-- Opening Marker --

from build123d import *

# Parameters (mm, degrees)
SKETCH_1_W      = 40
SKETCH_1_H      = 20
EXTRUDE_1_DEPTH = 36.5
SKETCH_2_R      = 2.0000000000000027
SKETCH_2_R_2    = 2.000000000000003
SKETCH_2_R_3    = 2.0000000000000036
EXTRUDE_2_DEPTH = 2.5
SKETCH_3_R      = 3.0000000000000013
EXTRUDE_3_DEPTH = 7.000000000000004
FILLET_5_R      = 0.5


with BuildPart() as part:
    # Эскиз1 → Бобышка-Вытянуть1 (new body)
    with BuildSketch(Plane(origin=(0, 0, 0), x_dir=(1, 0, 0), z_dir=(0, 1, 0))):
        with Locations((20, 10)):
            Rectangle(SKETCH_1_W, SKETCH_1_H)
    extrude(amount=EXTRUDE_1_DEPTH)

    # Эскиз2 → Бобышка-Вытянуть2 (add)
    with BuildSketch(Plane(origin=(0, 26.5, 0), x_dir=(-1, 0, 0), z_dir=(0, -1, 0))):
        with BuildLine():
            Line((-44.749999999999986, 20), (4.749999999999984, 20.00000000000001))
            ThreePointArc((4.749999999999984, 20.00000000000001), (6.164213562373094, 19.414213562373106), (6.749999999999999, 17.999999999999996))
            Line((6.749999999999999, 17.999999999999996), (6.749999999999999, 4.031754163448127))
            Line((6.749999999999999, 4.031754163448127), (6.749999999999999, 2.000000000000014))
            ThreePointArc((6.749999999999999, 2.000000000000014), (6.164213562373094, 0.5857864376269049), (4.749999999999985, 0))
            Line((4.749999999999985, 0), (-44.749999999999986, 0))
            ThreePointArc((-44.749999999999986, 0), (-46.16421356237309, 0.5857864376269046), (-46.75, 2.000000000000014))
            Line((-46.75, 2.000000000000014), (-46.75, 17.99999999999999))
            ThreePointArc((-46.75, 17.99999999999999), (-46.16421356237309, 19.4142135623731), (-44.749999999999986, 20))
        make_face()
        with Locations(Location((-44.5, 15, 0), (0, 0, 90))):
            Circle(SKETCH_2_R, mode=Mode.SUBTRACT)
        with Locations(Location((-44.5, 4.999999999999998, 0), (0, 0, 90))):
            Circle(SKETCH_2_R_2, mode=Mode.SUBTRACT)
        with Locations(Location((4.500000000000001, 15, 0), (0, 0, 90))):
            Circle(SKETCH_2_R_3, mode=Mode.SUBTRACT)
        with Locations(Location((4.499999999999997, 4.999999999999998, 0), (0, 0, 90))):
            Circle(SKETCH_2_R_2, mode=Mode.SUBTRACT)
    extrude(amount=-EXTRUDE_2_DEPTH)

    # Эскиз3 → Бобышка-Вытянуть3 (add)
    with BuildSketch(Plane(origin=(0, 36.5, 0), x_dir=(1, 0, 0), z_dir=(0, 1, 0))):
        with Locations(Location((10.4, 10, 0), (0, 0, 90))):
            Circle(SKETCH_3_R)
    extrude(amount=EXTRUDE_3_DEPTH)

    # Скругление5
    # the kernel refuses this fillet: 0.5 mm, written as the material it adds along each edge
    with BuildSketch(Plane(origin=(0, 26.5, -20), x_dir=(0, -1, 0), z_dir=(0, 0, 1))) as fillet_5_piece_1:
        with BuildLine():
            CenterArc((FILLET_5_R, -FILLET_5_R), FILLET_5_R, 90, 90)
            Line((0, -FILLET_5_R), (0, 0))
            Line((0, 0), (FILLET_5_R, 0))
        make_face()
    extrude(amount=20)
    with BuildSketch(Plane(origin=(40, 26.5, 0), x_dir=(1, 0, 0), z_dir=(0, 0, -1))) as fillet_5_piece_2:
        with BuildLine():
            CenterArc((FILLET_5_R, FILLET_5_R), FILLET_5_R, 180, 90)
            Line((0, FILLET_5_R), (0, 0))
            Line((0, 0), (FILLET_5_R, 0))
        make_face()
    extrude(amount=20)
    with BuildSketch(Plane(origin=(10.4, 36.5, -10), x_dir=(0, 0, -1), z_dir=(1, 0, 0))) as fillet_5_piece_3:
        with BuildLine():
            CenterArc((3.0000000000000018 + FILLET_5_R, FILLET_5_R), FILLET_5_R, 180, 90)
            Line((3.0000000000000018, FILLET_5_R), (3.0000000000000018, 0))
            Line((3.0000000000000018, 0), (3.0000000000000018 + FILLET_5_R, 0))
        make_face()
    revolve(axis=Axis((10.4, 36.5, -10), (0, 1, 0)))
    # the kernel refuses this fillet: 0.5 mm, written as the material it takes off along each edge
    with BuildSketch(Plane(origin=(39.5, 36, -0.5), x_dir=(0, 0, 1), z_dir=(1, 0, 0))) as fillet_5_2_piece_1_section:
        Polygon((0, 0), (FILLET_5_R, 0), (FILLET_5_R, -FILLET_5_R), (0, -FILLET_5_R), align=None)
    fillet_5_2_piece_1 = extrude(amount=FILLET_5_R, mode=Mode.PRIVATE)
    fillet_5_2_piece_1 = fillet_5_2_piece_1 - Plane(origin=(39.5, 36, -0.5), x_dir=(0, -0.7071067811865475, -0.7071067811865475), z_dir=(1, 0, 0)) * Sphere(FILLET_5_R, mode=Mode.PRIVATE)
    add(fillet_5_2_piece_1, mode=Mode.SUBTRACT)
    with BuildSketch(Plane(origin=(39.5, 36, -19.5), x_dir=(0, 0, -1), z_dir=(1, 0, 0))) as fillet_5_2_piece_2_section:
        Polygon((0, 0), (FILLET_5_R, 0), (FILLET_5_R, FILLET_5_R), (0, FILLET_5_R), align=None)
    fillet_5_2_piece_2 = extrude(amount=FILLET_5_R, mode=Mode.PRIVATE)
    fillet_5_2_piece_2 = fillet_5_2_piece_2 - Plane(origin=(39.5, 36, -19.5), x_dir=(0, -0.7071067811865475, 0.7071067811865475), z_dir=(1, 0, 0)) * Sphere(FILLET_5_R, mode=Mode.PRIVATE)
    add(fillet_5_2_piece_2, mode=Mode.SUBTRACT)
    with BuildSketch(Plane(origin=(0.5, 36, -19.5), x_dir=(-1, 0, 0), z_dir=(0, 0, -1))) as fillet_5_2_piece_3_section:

-- Closing Marker --

Exercise details:
Every line of the material must be returned exactly as it appears.

Task result:
from build123d import *

# Parameters (mm, degrees)
SKETCH_1_W      = 40
SKETCH_1_H      = 20
EXTRUDE_1_DEPTH = 36.5
SKETCH_2_R      = 2.0000000000000027
SKETCH_2_R_2    = 2.000000000000003
SKETCH_2_R_3    = 2.0000000000000036
EXTRUDE_2_DEPTH = 2.5
SKETCH_3_R      = 3.0000000000000013
EXTRUDE_3_DEPTH = 7.000000000000004
FILLET_5_R      = 0.5


with BuildPart() as part:
    # Эскиз1 → Бобышка-Вытянуть1 (new body)
    with BuildSketch(Plane(origin=(0, 0, 0), x_dir=(1, 0, 0), z_dir=(0, 1, 0))):
        with Locations((20, 10)):
            Rectangle(SKETCH_1_W, SKETCH_1_H)
    extrude(amount=EXTRUDE_1_DEPTH)

    # Эскиз2 → Бобышка-Вытянуть2 (add)
    with BuildSketch(Plane(origin=(0, 26.5, 0), x_dir=(-1, 0, 0), z_dir=(0, -1, 0))):
        with BuildLine():
            Line((-44.749999999999986, 20), (4.749999999999984, 20.00000000000001))
            ThreePointArc((4.749999999999984, 20.00000000000001), (6.164213562373094, 19.414213562373106), (6.749999999999999, 17.999999999999996))
            Line((6.749999999999999, 17.999999999999996), (6.749999999999999, 4.031754163448127))
            Line((6.749999999999999, 4.031754163448127), (6.749999999999999, 2.000000000000014))
            ThreePointArc((6.749999999999999, 2.000000000000014), (6.164213562373094, 0.5857864376269049), (4.749999999999985, 0))
            Line((4.749999999999985, 0), (-44.749999999999986, 0))
            ThreePointArc((-44.749999999999986, 0), (-46.16421356237309, 0.5857864376269046), (-46.75, 2.000000000000014))
            Line((-46.75, 2.000000000000014), (-46.75, 17.99999999999999))
            ThreePointArc((-46.75, 17.99999999999999), (-46.16421356237309, 19.4142135623731), (-44.749999999999986, 20))
        make_face()
        with Locations(Location((-44.5, 15, 0), (0, 0, 90))):
            Circle(SKETCH_2_R, mode=Mode.SUBTRACT)
        with Locations(Location((-44.5, 4.999999999999998, 0), (0, 0, 90))):
            Circle(SKETCH_2_R_2, mode=Mode.SUBTRACT)
        with Locations(Location((4.500000000000001, 15, 0), (0, 0, 90))):
            Circle(SKETCH_2_R_3, mode=Mode.SUBTRACT)
        with Locations(Location((4.499999999999997, 4.999999999999998, 0), (0, 0, 90))):
            Circle(SKETCH_2_R_2, mode=Mode.SUBTRACT)
    extrude(amount=-EXTRUDE_2_DEPTH)

    # Эскиз3 → Бобышка-Вытянуть3 (add)
    with BuildSketch(Plane(origin=(0, 36.5, 0), x_dir=(1, 0, 0), z_dir=(0, 1, 0))):
        with Locations(Location((10.4, 10, 0), (0, 0, 90))):
            Circle(SKETCH_3_R)
    extrude(amount=EXTRUDE_3_DEPTH)

    # Скругление5
    # the kernel refuses this fillet: 0.5 mm, written as the material it adds along each edge
    with BuildSketch(Plane(origin=(0, 26.5, -20), x_dir=(0, -1, 0), z_dir=(0, 0, 1))) as fillet_5_piece_1:
        with BuildLine():
            CenterArc((FILLET_5_R, -FILLET_5_R), FILLET_5_R, 90, 90)
            Line((0, -FILLET_5_R), (0, 0))
            Line((0, 0), (FILLET_5_R, 0))
        make_face()
    extrude(amount=20)
    with BuildSketch(Plane(origin=(40, 26.5, 0), x_dir=(1, 0, 0), z_dir=(0, 0, -1))) as fillet_5_piece_2:
        with BuildLine():
            CenterArc((FILLET_5_R, FILLET_5_R), FILLET_5_R, 180, 90)
            Line((0, FILLET_5_R), (0, 0))
            Line((0, 0), (FILLET_5_R, 0))
        make_face()
    extrude(amount=20)
    with BuildSketch(Plane(origin=(10.4, 36.5, -10), x_dir=(0, 0, -1), z_dir=(1, 0, 0))) as fillet_5_piece_3:
        with BuildLine():
            CenterArc((3.0000000000000018 + FILLET_5_R, FILLET_5_R), FILLET_5_R, 180, 90)
            Line((3.0000000000000018, FILLET_5_R), (3.0000000000000018, 0))
            Line((3.0000000000000018, 0), (3.0000000000000018 + FILLET_5_R, 0))
        make_face()
    revolve(axis=Axis((10.4, 36.5, -10), (0, 1, 0)))
    # the kernel refuses this fillet: 0.5 mm, written as the material it takes off along each edge
    with BuildSketch(Plane(origin=(39.5, 36, -0.5), x_dir=(0, 0, 1), z_dir=(1, 0, 0))) as fillet_5_2_piece_1_section:
        Polygon((0, 0), (FILLET_5_R, 0), (FILLET_5_R, -FILLET_5_R), (0, -FILLET_5_R), align=None)
    fillet_5_2_piece_1 = extrude(amount=FILLET_5_R, mode=Mode.PRIVATE)
    fillet_5_2_piece_1 = fillet_5_2_piece_1 - Plane(origin=(39.5, 36, -0.5), x_dir=(0, -0.7071067811865475, -0.7071067811865475), z_dir=(1, 0, 0)) * Sphere(FILLET_5_R, mode=Mode.PRIVATE)
    add(fillet_5_2_piece_1, mode=Mode.SUBTRACT)
    with BuildSketch(Plane(origin=(39.5, 36, -19.5), x_dir=(0, 0, -1), z_dir=(1, 0, 0))) as fillet_5_2_piece_2_section:
        Polygon((0, 0), (FILLET_5_R, 0), (FILLET_5_R, FILLET_5_R), (0, FILLET_5_R), align=None)
    fillet_5_2_piece_2 = extrude(amount=FILLET_5_R, mode=Mode.PRIVATE)
    fillet_5_2_piece_2 = fillet_5_2_piece_2 - Plane(origin=(39.5, 36, -19.5), x_dir=(0, -0.7071067811865475, 0.7071067811865475), z_dir=(1, 0, 0)) * Sphere(FILLET_5_R, mode=Mode.PRIVATE)
    add(fillet_5_2_piece_2, mode=Mode.SUBTRACT)
    with BuildSketch(Plane(origin=(0.5, 36, -19.5), x_dir=(-1, 0, 0), z_dir=(0, 0, -1))) as fillet_5_2_piece_3_section:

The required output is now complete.